# Digital light timer keeps reseting itself?



## Spit1A (Apr 7, 2014)

Hi, 

I've got a fluval 13w florescent light plugged into a little digital GE timer. The timer is plugged into a power bar that does not have surge protection. The timer also is listed as CFL compatible.

I'm finding that every few days, when the timer turns the light off, the clock on the timer will reset to its default time and all the lighting programs will be gone. 

Has anyone had similar experiences? I have also used a globe brand timer and got the same results.


----------



## Treasure chest (Apr 21, 2010)

I had a Woods brand power bar with timer. It had reset itself a few times so far although it does not do this very often. I believe many manufactures use same but re branded timer modules. There are timers with back up batteries. Those ones may be more stable on preserving the program settings.


----------



## Spit1A (Apr 7, 2014)

Hmmmm...So are you still using the Woods timer? I think the GE one has a backup battery. 
I think you are right about the timer modules just being re branded. The woods timer display looks very similar to the GE display.
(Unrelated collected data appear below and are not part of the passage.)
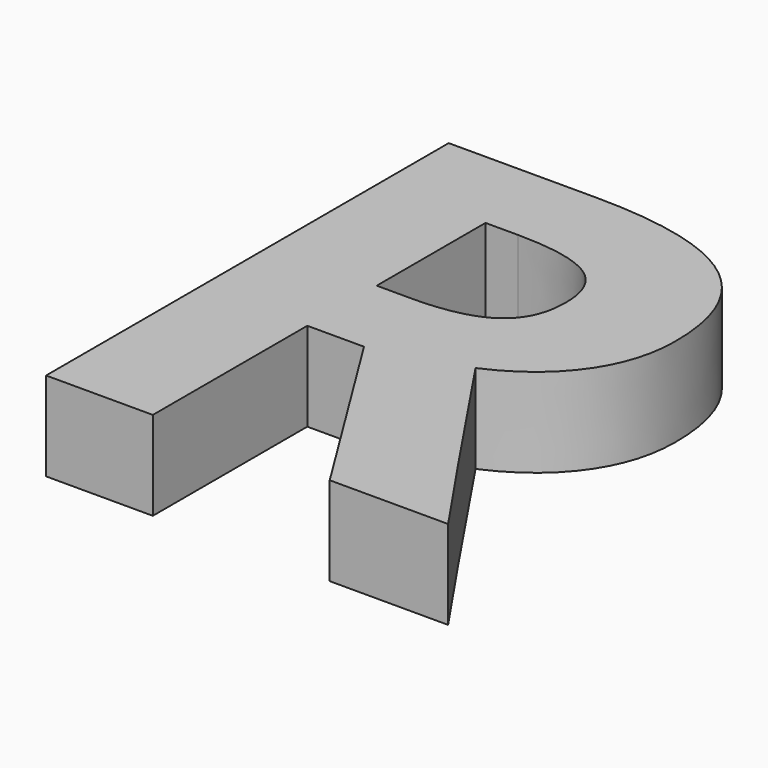
from build123d import *

# Parameters (mm, degrees)
F0_TEXT_SIZE = 79.3542454226
F1_DEPTH     = 10


# Not quite as in the source:
# - Text() gives the source's letters only with a copy of the font that has no kerning and outlines rounded to 1/6400 em; it was checked with that copy


with BuildPart() as f1:
    # F0 (on Top) → F1 (new body)
    with BuildSketch(Plane.XY):
        with Locations((0, 0)):
            Text('R', F0_TEXT_SIZE, font='Open Sans', font_style=FontStyle.BOLD, text_align=(TextAlign.LEFT, TextAlign.BOTTOM))
    extrude(amount=F1_DEPTH)


solid = f1.part
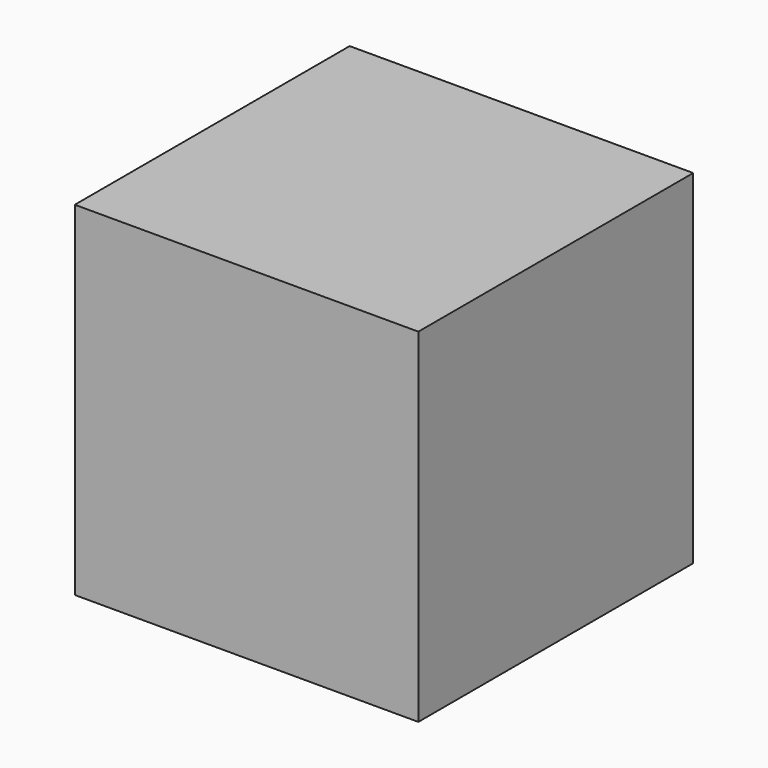
from build123d import *

# Parameters (mm, degrees)
F0_W     = 76.2
F0_H     = 76.2
F1_DEPTH = 38.1
F2_R     = 33.855200569
F3_DEPTH = 172


# Not quite as in the source:
# - an extrude ends at something that could not be found from the text; its depth is read off the source's solid


with BuildPart() as f1:
    # F0 (on Front) → F1 (new body, symmetric)
    with BuildSketch(Plane.XZ):
        with Locations((1.6732892294, 11.20652853)):
            Rectangle(F0_W, F0_H)
    extrude(amount=F1_DEPTH, both=True)

    # F2 (on face) → F3 (cut, through all)
    with BuildSketch(Plane(origin=(-36.4267107706, 0, 0), x_dir=(0, -1, 0), z_dir=(-1, 0, 0))):
        with Locations((0, 14.9851664901)):
            Circle(F2_R)
    extrude(amount=F3_DEPTH, mode=Mode.SUBTRACT)


solid = f1.part
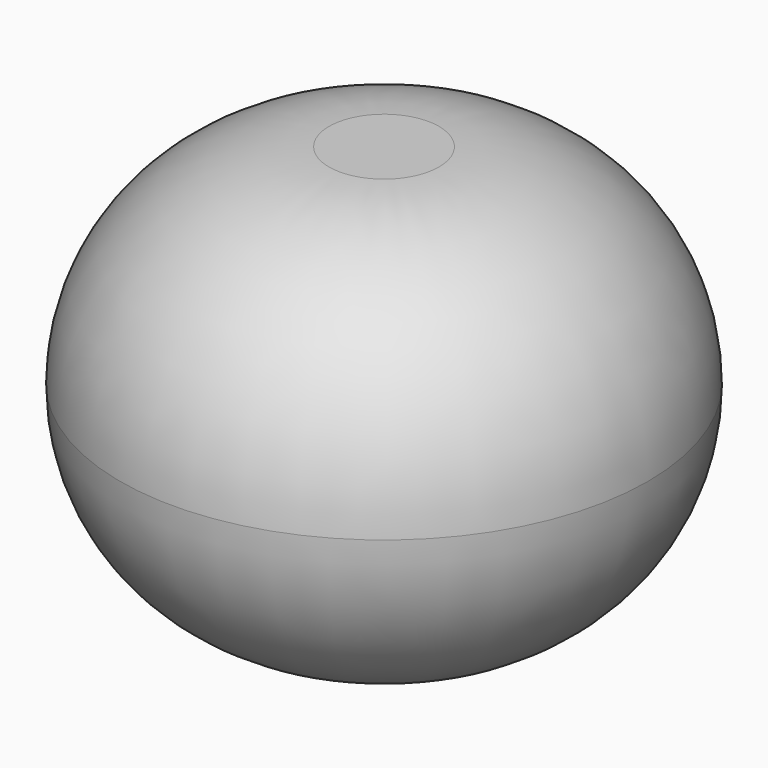
from build123d import *

# Parameters (mm, degrees)
F0_R     = 64.1724242316
F1_DEPTH = 101.6
F2_R     = 50.79999


# Not quite as in the source:
# - a fillet or chamfer is up to 0.001 mm smaller than in the source, because OpenCascade refuses the exact size


with BuildPart() as f1:
    # F0 (on Top) → F1 (new body)
    with BuildSketch(Plane.XY):
        Circle(F0_R)
    extrude(amount=F1_DEPTH)

    # F2 (radius 50.8 in the source; OpenCascade refuses exactly that, so slightly less here)
    f2_edges = [f1.edges().sort_by_distance(p)[0] for p in [
        (-64.172424, 0, 101.6),
        (-64.172424, 0, 0),
    ]]
    fillet(f2_edges, radius=F2_R)


solid = f1.part

Maybe I can use this as a way to justify getting a finnex planted + LED light.... Do LED lights have problems with timers?


----------



## Nicole (Nov 21, 2011)

I use the non-digital dual-socket timers and they have worked flawlessly on any kind of light including LEDs.


----------



## pandamom (Jul 16, 2013)

I went this weekend to get another timer for my new tank - I can't believe the price of them now - $27 for a simple three-prong timer... Wow. I think I may just turn the light on this new tank on and off manually and save the money for something else...


----------